For more about financial crime typologies, predicate offences, AML and AI, download our eBook: How AI can improve the detection of evolving typologies driving financial crime.
AI can help close the gaps in AML
Historically, the wrong data has been captured – and sparsely. Behemoth systems in big organisations, as Janet called them, are often very siloed and don’t allow for data to be connected up without significant effort. Criminals are very entrepreneurial in many ways, and recognise that there’s large gaps in these institutions that can be used to their advantage to evade exposure.

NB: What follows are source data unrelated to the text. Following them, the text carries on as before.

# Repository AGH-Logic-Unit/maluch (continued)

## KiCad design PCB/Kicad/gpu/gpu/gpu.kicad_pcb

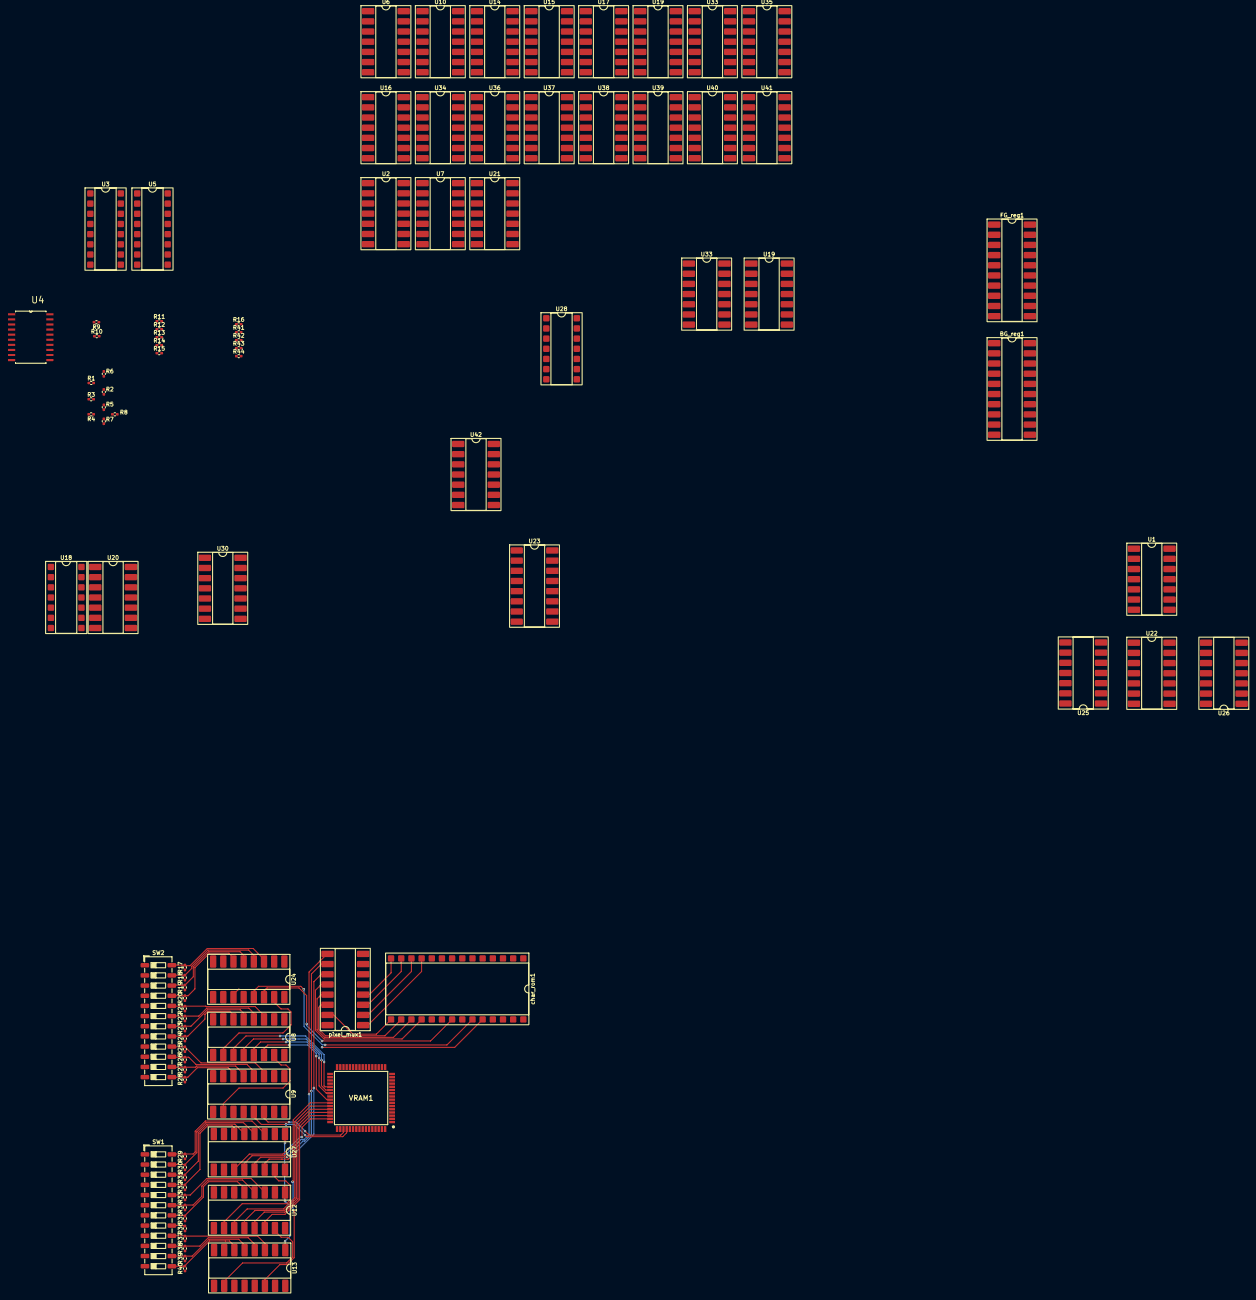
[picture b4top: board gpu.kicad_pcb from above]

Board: 2 copper layers, 91 parts (0 on the bottom side), 188 nets.

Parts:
BG_reg1: 74LS377; DIP-20_W8.89mm_SMDSocket_LongPads
FG_reg1: 74LS377; DIP-20_W8.89mm_SMDSocket_LongPads
R1, R3, R4, R6, R7, R9, R10, R11, R12, R15: 150; R_0402_1005Metric_Pad0.72x0.64mm_HandSolder
R2, R5, R8, R13, R14, R16, R43: 75; R_0402_1005Metric_Pad0.72x0.64mm_HandSolder
R17, R18, R19, R20, R21, R22, R23, R24, R25, R26, R27, R28, R29, R30, R31, R32, R33, R34, R35, R36, R37, R38, R39, R40: 10k; R_0402_1005Metric_Pad0.72x0.64mm_HandSolder
R41: 620; R_0402_1005Metric_Pad0.72x0.64mm_HandSolder
R42: 1k; R_0402_1005Metric_Pad0.72x0.64mm_HandSolder
R44: 390; R_0402_1005Metric_Pad0.72x0.64mm_HandSolder
SW1, SW2: SW_DIP_x12; SW_DIP_SPSTx12_Slide_6.7x32.04mm_W6.73mm_P2.54mm_LowProfile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
U1, U6, U10, U15, U16, U17, U22, U36, U39, U40: 74LS30; DIP-14_W8.89mm_SMDSocket_LongPads
U2, U7, U20, U21, U25, U26: 74LS04; DIP-14_W8.89mm_SMDSocket_LongPads
U3, U5: 74LS157; DIP-16_W7.62mm_SMDSocket_SmallPads
U4: 74HC574D.653; SOIC127P1032X265-20N
U8, U9, U12, U13, U24, U27: 74LS163; DIP-16_W8.89mm_SMDSocket_LongPads
U14, U34: 74LS00; DIP-14_W8.89mm_SMDSocket_LongPads
U18: 74LS08; DIP-14_W7.62mm_SMDSocket_SmallPads
U19, U19#2, U33, U33#2, U35, U37, U38, U41: 74LS32; DIP-14_W8.89mm_SMDSocket_LongPads
U23: 74LS175; DIP-16_W8.89mm_SMDSocket_LongPads
U28: 74LS11; DIP-14_W7.62mm_SMDSocket_SmallPads
U30, U42: 4075; DIP-14_W8.89mm_SMDSocket_LongPads
VRAM1: 71342LA20PFG8; QFP80P1600X1600X160-64N
char_rom1: AT28C64B-15PU; DIP-28_W15.24mm_SMDSocket_SmallPads
pixel_mux1: 74LS151; DIP-16_W8.89mm_SMDSocket_LongPads

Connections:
/HSYNC_OUT: U23.2 (Q0), U28.13
/Hcount0: U27.14 (Q0), pixel_mux1.11 (S0)
/Hcount1: U27.13 (Q1), pixel_mux1.10 (S1)
/Hcount2: U27.12 (Q2), pixel_mux1.9 (S2)
/Hcount3: U27.11 (Q3), VRAM1.47 (A0R)
/Hcount4: U12.14 (Q0), VRAM1.46 (A1R)
/Hcount5: U12.13 (Q1), VRAM1.45 (A2R)
/Hcount6: U12.12 (Q2), VRAM1.44 (A3R)
/Hcount7: U12.11 (Q3), VRAM1.43 (A4R)
/Hcount8: U13.14 (Q0), VRAM1.42 (A5R)
/I/O0: BG_reg1.3 (D0), FG_reg1.3 (D0)
/I/O1: BG_reg1.4 (D1), FG_reg1.4 (D1)
/I/O2: BG_reg1.7 (D2), FG_reg1.7 (D2)
/I/O3: BG_reg1.8 (D3), FG_reg1.8 (D3)
/I/O4: BG_reg1.13 (D4), FG_reg1.13 (D4)
/I/O5: BG_reg1.14 (D5), FG_reg1.14 (D5)
/I/O6: BG_reg1.17 (D6), FG_reg1.17 (D6)
/I/O7: BG_reg1.18 (D7), FG_reg1.18 (D7)
/I/O8: U22.1, U25.3
/I/O9: U1.2, U22.2
/Output/Blue0: R41.1, U4.12 (Q7)
/Output/Blue1: R42.1, U4.13 (Q6)
/Output/Bout: R43.2, R44.2
/Output/Green0: R1.1, U4.16 (Q3)
/Output/Green1: R3.1, U4.15 (Q4)
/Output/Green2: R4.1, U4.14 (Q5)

Janet reflected that one of the first things she does when talking to financial institutions is look at what they already have, because quite often the data has to be reorganised and stripped back to the basics before going in and implementing sophisticated new technologies like AI and machine learning – something which isn’t as big a task as it sounds but is crucial.
Ultimately, technology can overcome the historical issues data has presented in detecting suspicious activity or suspicious individuals by providing a lens through which to efficiently evaluate the data in one view. Janet also impressed that fundamentally, to get the best out of the latest technologies, you have to start at the beginning by gathering the correct information, because you can't predict or analyse something that you just don't have access to.
AI and information sharing
Increasing public/private collaboration represents some of the ‘green shoots’ of the beginnings of help, according to Mark. In the past few years, we’ve seen more public/private partnerships, primarily between financial institutions and law enforcement, where it’s been recognised that disparate, disorganised data presents a significant barrier to AML efforts.
Thankfully, emerging technologies such as federated machine learning and homomorphic encryption provide a new hope for the future of a secure, collaborative approach to data, and negate a lot of the heavy lifting associated with data sharing between separate entities.
AI and its potential to transform the current success rate of AML efforts globally is something which the panel agreed presents a massive opportunity for any government to take advantage of.